A review by mr_cain
Aristotle and Dante Discover the Secrets of the Universe by Benjamin Alire Sáenz

5.0

I cannot fully express how dramatically the book shaped my life as a tween. It was the first ever book I picked up with a narrator I felt like I could actually relate to—Ari wasn't just a name on a page, he felt believable and most of all, he felt like me. He was sardonic; sometimes shitty and spiteful; jealous; loving; and most of all, complex. Dante felt like the kind of boy I would've fallen in love with, not another white archetype I'd yet to see in person. They felt like the two halves of myself: one sensitive and sweet, the other brooding and deep-thinking. This was the first novel I ever read that didn't just say it was okay to be gay, it said it was okay for people like ME to be gay, brown men in real life, not just skinny white NYC twinks.

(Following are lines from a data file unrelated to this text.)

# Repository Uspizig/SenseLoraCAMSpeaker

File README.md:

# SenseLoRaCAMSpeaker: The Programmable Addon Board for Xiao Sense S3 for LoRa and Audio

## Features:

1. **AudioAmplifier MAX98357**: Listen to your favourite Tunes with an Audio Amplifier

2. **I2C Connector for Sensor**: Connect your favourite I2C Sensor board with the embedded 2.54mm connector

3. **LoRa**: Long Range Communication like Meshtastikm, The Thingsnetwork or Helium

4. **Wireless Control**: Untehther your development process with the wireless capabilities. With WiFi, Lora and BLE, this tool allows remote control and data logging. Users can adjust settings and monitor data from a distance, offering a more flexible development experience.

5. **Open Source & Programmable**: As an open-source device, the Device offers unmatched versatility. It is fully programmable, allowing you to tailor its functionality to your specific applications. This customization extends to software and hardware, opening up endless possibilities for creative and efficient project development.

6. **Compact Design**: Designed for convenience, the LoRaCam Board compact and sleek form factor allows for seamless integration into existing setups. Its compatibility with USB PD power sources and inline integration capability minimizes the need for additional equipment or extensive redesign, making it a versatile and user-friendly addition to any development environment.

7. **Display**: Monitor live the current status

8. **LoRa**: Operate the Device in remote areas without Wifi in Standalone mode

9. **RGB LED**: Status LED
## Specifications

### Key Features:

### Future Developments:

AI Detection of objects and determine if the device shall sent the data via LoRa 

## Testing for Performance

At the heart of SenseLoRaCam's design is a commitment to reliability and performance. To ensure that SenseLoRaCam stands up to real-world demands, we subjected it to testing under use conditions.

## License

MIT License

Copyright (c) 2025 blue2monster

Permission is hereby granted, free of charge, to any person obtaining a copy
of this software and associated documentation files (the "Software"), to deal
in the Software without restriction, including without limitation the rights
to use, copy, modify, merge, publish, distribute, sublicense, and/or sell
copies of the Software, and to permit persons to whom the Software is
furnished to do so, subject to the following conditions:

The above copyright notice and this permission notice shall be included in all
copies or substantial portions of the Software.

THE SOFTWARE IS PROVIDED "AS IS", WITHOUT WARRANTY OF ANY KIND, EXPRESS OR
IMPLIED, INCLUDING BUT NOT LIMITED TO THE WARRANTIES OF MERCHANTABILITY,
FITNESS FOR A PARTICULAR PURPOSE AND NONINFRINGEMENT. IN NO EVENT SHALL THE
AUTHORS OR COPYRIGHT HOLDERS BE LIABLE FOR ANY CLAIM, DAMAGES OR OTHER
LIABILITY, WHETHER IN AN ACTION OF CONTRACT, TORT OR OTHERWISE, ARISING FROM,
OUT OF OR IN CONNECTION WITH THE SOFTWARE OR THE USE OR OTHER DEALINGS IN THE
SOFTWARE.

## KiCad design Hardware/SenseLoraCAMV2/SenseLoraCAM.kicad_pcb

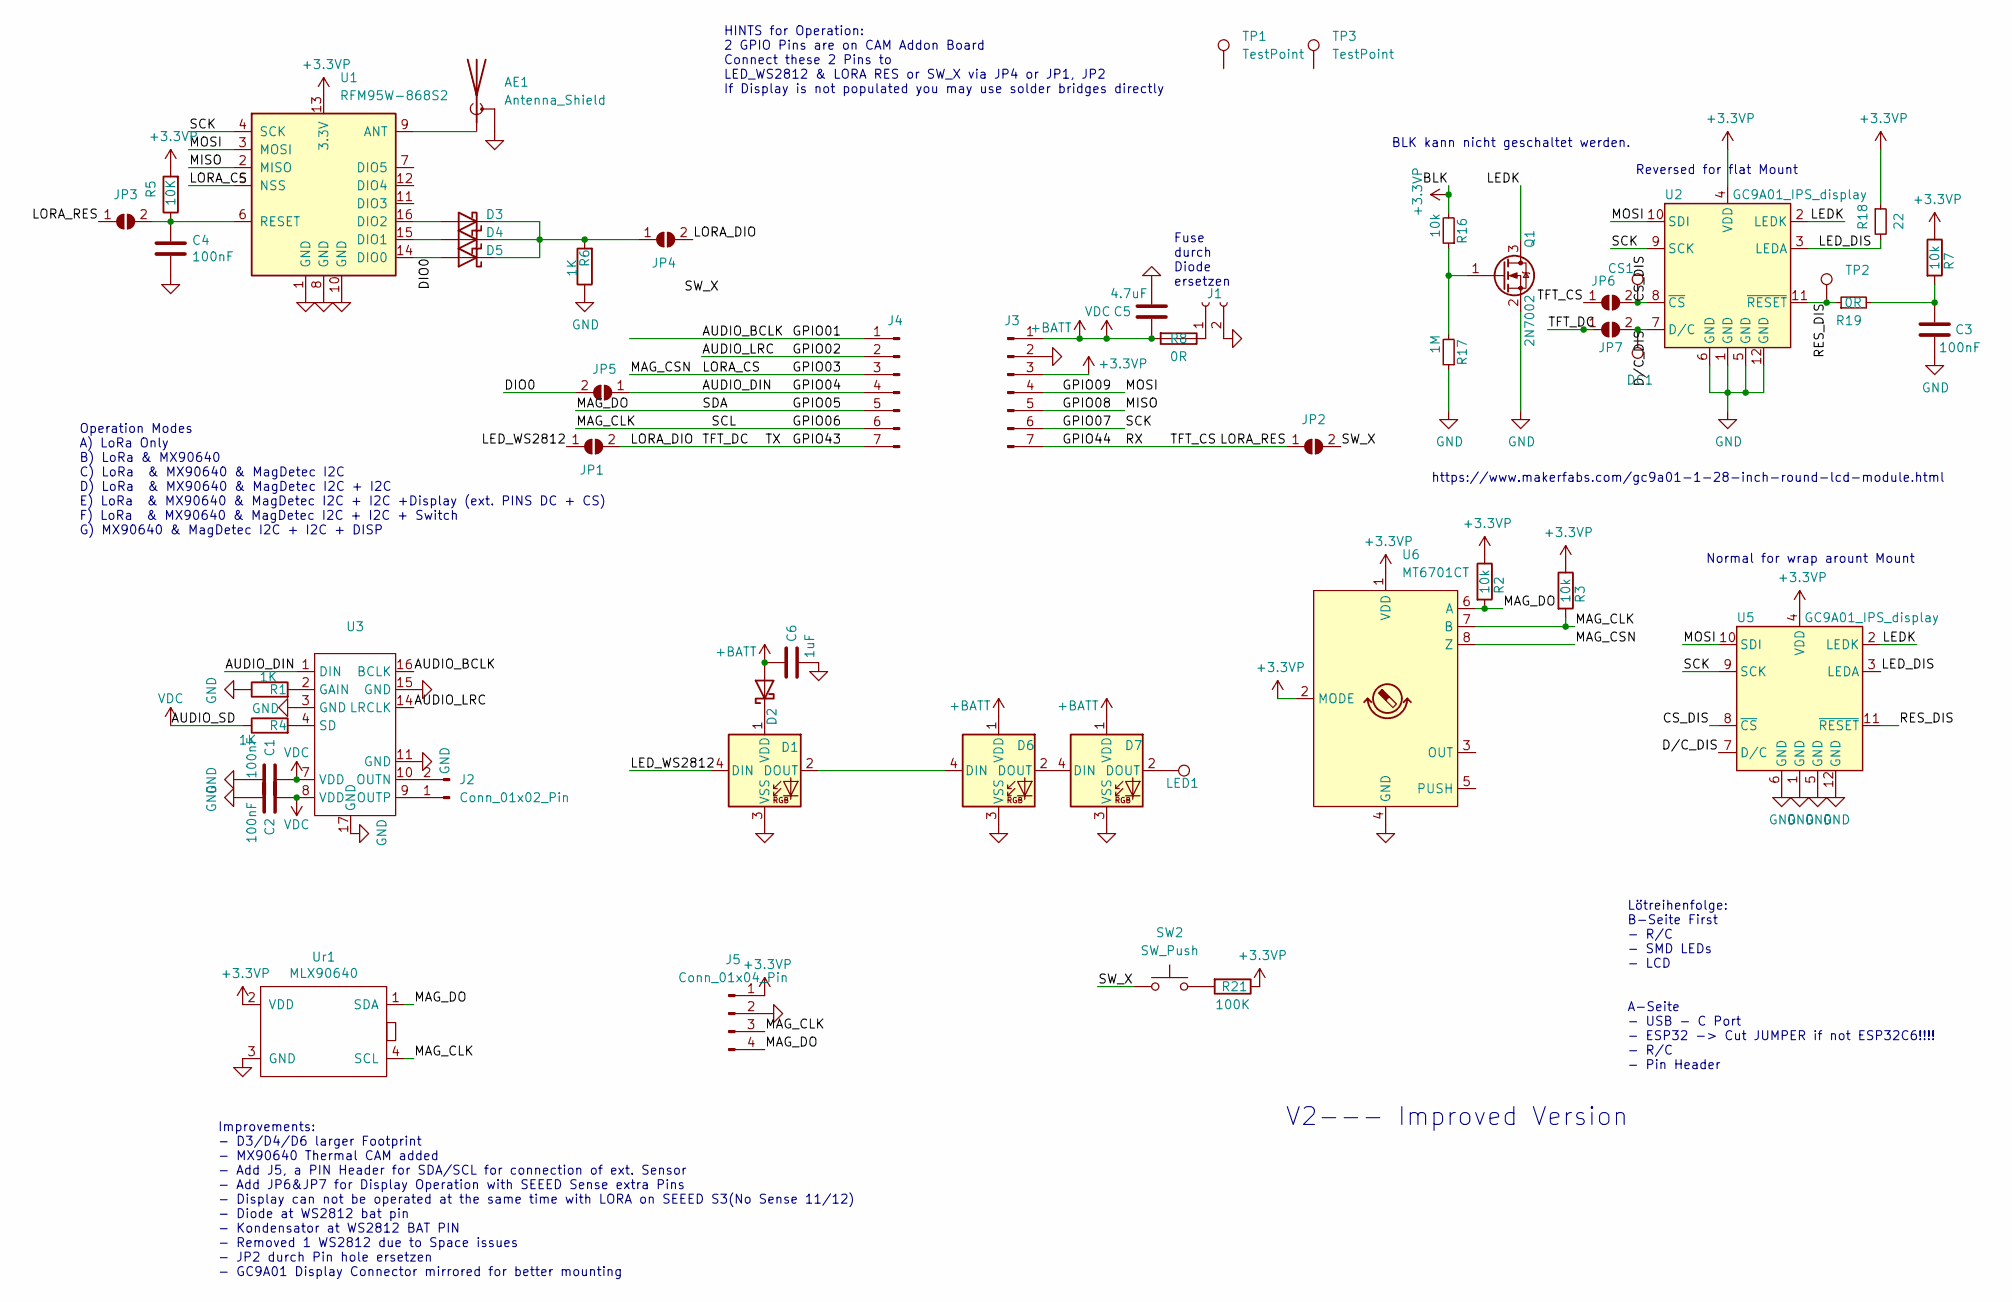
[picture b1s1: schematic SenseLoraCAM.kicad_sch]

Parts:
AE1: Antenna_Shield; SMA_Samtec_SMA-J-P-X-ST-EM1_EdgeMount
C1, C2, C3, C4: 100nF; C_0805_2012Metric_Pad1.18x1.45mm_HandSolder
C5: 4.7uF; C_0805_2012Metric_Pad1.18x1.45mm_HandSolder
C6: 1uF; C_0805_2012Metric_Pad1.18x1.45mm_HandSolder
CS1: TestPoint; TestPoint_Pad_D1.5mm
D1, D6, D7: WS2812B; LED_WS2812B_PLCC4_5.0x5.0mm_P3.2mm
D2, D3, D4, D5: MBR0530; D_SOD-123
DC1: TestPoint; TestPoint_Pad_D1.5mm
J1: Conn_01x02_Female; JST_GH_SM02B-GHS-TB_1x02-1MP_P1.25mm_Horizontal
J2: Conn_01x02_Pin; PinHeader_1x02_P2.54mm_Vertical
J3, J4: Conn_01x07_Pin; PinHeader_1x07_P2.54mm_Vertical
J5: Conn_01x04_Pin; PinHeader_1x04_P2.54mm_Vertical_SMD_Pin1Right
JP1, JP2, JP3, JP5, JP6, JP7: SolderJumper_2_Open; SolderJumper-2_P1.3mm_Open_RoundedPad1.0x1.5mm
JP4: SolderJumper_2_Open; SolderJumper-2_P1.3mm_Bridged_RoundedPad1.0x1.5mm
LED1: TestPoint; TestPoint_Pad_1.5x1.5mm
Q1: 2N7002; SOT-23
R1, R4, R6: 1K; R_0805_2012Metric_Pad1.20x1.40mm_HandSolder
R2, R3, R7: 10k; R_0805_2012Metric_Pad1.20x1.40mm_HandSolder
R5: 10K; R_0805_2012Metric_Pad1.20x1.40mm_HandSolder
R8, R19: 0R; R_0805_2012Metric_Pad1.20x1.40mm_HandSolder
R16: 10k; R_0603_1608Metric
R17: 1M; R_0805_2012Metric_Pad1.20x1.40mm_HandSolder
R18: 22; R_0603_1608Metric
R21: 100K; R_0805_2012Metric_Pad1.20x1.40mm_HandSolder
SW2: SW_Push; SW_SPST_CK_KMS2xxGP
TP1, TP3: TestPoint; baerklein
TP2: TestPoint; TestPoint_Pad_D1.0mm
U1: RFM95W-868S2; HOPERF_RFM9XW_SMD
U2: GC9A01_IPS_display; GC9A01_IPS_display_reversed
U3: TQFN-16_L3.0-W3.0-P0.50-BL-EP1.5
U5: GC9A01_IPS_display
U6: MT6701CT; SO-8_3.9x4.9mm_P1.27mm
Ur1: MLX90640; Part Number 482-MLX90640ESFBABSP

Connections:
+3.3VP: J3.3, J5.1, R2.1, R3.1, R5.2, R7.1, R16.2, R18.1, R21.1, U1.13 (3.3V), U2.4 (VDD), U5.4 (VDD), U6.1 (VDD), U6.2 (MODE), Ur1.2 (VDD)
+BATT: C1.1, C2.1, C5.1, C6.1, D2.2 (A), D6.1 (VDD), D7.1 (VDD), J3.1, R4.1, R8.2, U3.7 (VDD), U3.8 (VDD)
/AUDIO_BCLK: J4.1, U3.16 (BCLK)
/AUDIO_DIN: J4.4, JP5.1 (A), U3.1 (DIN)
/AUDIO_LRC: J4.2, U3.14 (LRCLK)
/CS_DIS: CS1.1, JP6.2 (B), U2.8 (~CS), U5.8 (~CS); also elsewhere on the board
/DIO0: D5.2 (A), JP5.2 (B), U1.14 (DIO0)
/D/C_DIS: DC1.1, JP7.2 (B), U2.7 (D/C), U5.7 (D/C); also elsewhere on the board
/GPIO03: J4.3, U1.5 (NSS), U6.8 (Z)
/GPIO05: J4.5, J5.4, R2.2, U6.6 (A), Ur1.1 (SDA)
/GPIO06: J4.6, J5.3, R3.2, U6.7 (B), Ur1.4 (SCL)
/GPIO07: J3.6, U1.4 (SCK), U2.9 (SCK), U5.9 (SCK)
/GPIO08: J3.5, U1.2 (MISO)
/GPIO09: J3.4, U1.3 (MOSI), U2.10 (SDI), U5.10 (SDI)
/GPIO43: J4.7, JP1.2 (B), JP4.2 (B), JP7.1 (A)
/GPIO44: J3.7, JP2.1 (A), JP3.1 (A), JP6.1 (A)
/LEDK: Q1.3 (D), U2.2 (LEDK), U5.2 (LEDK)
/LED_DIS: R18.2, U2.3 (LEDA), U5.3 (LEDA)
/LED_WS2812: D1.4 (DIN), JP1.1 (A)
/RES_DIS: R19.1, TP2.1, U2.11 (~RESET), U5.11 (~RESET); also elsewhere on the board
/SW_X: JP2.2 (B), SW2.2
GND: AE1.2 (Shield), C1.2, C2.2, C3.2, C4.1, C5.2, C6.2, D1.3 (VSS), D6.3 (VSS), D7.3 (VSS), J1.2, J3.2, J5.2, Q1.2 (S), R1.1, R6.1, R17.1, U1.1 (GND), U1.8 (GND), U1.10 (GND), U2.1 (GND), U2.5 (GND), U2.6 (GND), U2.12 (GND), U3.3 (GND), U3.11 (GND), U3.15 (GND), U3.17 (GND), U5.1 (GND), U5.5 (GND), U5.6 (GND), U5.12 (GND), U6.4 (GND), Ur1.3 (GND)
unnamed: AE1.1 (A), U1.9 (ANT)
unnamed: C3.1, R7.2, R19.2
unnamed: D1.2 (DOUT), D6.4 (DIN)
unnamed: D1.1 (VDD), D2.1 (K)
unnamed: D3.2 (A), U1.16 (DIO2)
unnamed: D3.1 (K), D4.1 (K), D5.1 (K), JP4.1 (A), R6.2
unnamed: D4.2 (A), U1.15 (DIO1)
unnamed: D6.2 (DOUT), D7.4 (DIN)
unnamed 30: D7.2 (DOUT), LED1.1; also elsewhere on the board
unnamed: J1.1, R8.1
unnamed: J2.1, U3.9 (OUTP)
unnamed: J2.2, U3.10 (OUTN)
unnamed: C4.2, JP3.2 (B), R5.1, U1.6 (RESET)
unnamed: Q1.1 (G), R16.1, R17.2
unnamed: R21.2, SW2.1
unnamed: R1.2, U3.2 (GAIN)
unnamed: R4.2, U3.4 (SD)

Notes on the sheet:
Lötreihenfolge: B-Seite First - R/C - SMD LEDs - LCD A-Seite - USB - C Port - ESP32 -> Cut JUMPER if not ESP32C6!!!! - R/C - Pin Header
HINTS for Operation: 2 GPIO Pins are on CAM Addon Board Connect these 2 Pins to LED_WS2812 & LORA RES or SW_X via JP4 or JP1, JP2 If Display is not populated you may use solder bridges directly
Normal for wrap arount Mount
https://www.makerfabs.com/gc9a01-1-28-inch-round-lcd-module.html
V2--- Improved Version
Reversed for flat Mount
Fuse durch Diode ersetzen
Operation Modes A) LoRa Only B) LoRa & MX90640 C) LoRa & MX90640 & MagDetec I2C D) LoRa & MX90640 & MagDetec I2C + I2C E) LoRa & MX90640 & MagDetec I2C + I2C +Display (ext. PINS DC + CS) F) LoRa & MX90640 & MagDetec I2C + I2C + Switch G) MX90640 & MagDetec I2C + I2C + DISP
BLK kann nicht geschaltet werden.
Improvements: - D3/D4/D6 larger Footprint - MX90640 Thermal CAM added - Add J5, a PIN Header for SDA/SCL for connection of ext. Sensor - Add JP6&JP7 for Display Operation with SEEED Sense extra Pins - Display can not be operated at the same time with LORA on SEEED S3(No Sense 11/12) - Diode at WS28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

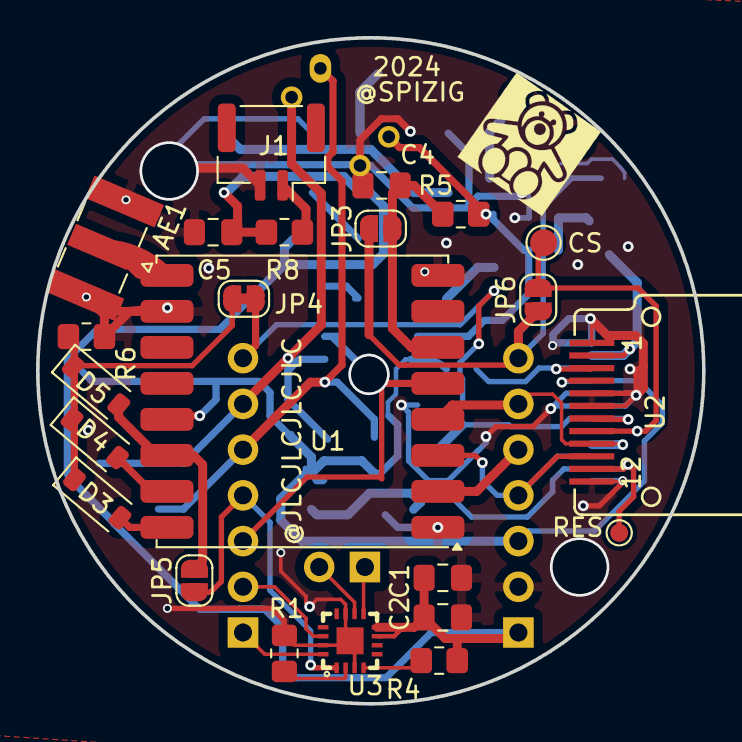
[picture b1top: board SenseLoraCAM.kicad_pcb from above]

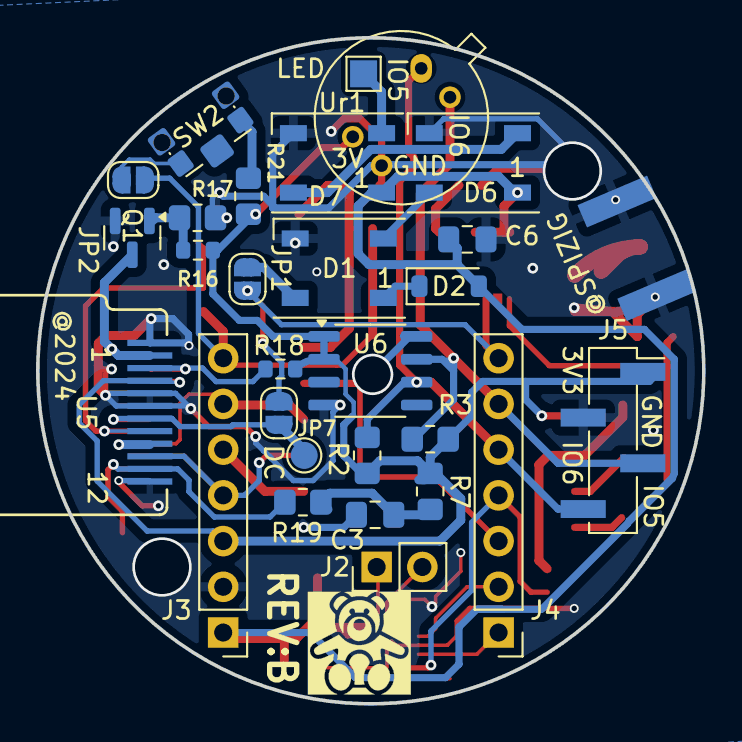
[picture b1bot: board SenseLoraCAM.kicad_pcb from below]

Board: 2 copper layers, 37.0 x 37.0 mm, 53 parts (29 on the bottom side), 39 nets.

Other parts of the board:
CS: TestPoint; TestPoint_Pad_D1.5mm
DC: TestPoint; TestPoint_Pad_D1.5mm
LED: TestPoint; TestPoint_Pad_1.5x1.5mm
RES: TestPoint; TestPoint_Pad_D1.0mm

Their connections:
/CS_DIS: CS.1; also elsewhere on the board
/D/C_DIS: DC.1; also elsewhere on the board
/RES_DIS: RES.1; also elsewhere on the board
unnamed 30: LED.1; also elsewhere on the board

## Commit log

2024-09-29 Add files via upload
    Initial Release
2024-09-29 Create LICENSE

It taught me that not every member of the community is as privileged as we're taught they are and that I am not failing to meet a standard. I see Ari in myself constantly and Dante in my lover. I have read this book twice and cried all the way through, first because it felt like relief: the sweet, summer rain falling onto the desert. The second because it felt like coming home. The final scene lives in my head rent free. There is nothing else that feels as timely and well-deserved as that first and final (to us) kiss. Ari + Dante was the book that I needed when I was questioning in middle school and I can guarantee that another brown queer kid in another town needs this book as much as I did. And I hope they know that they are not alone.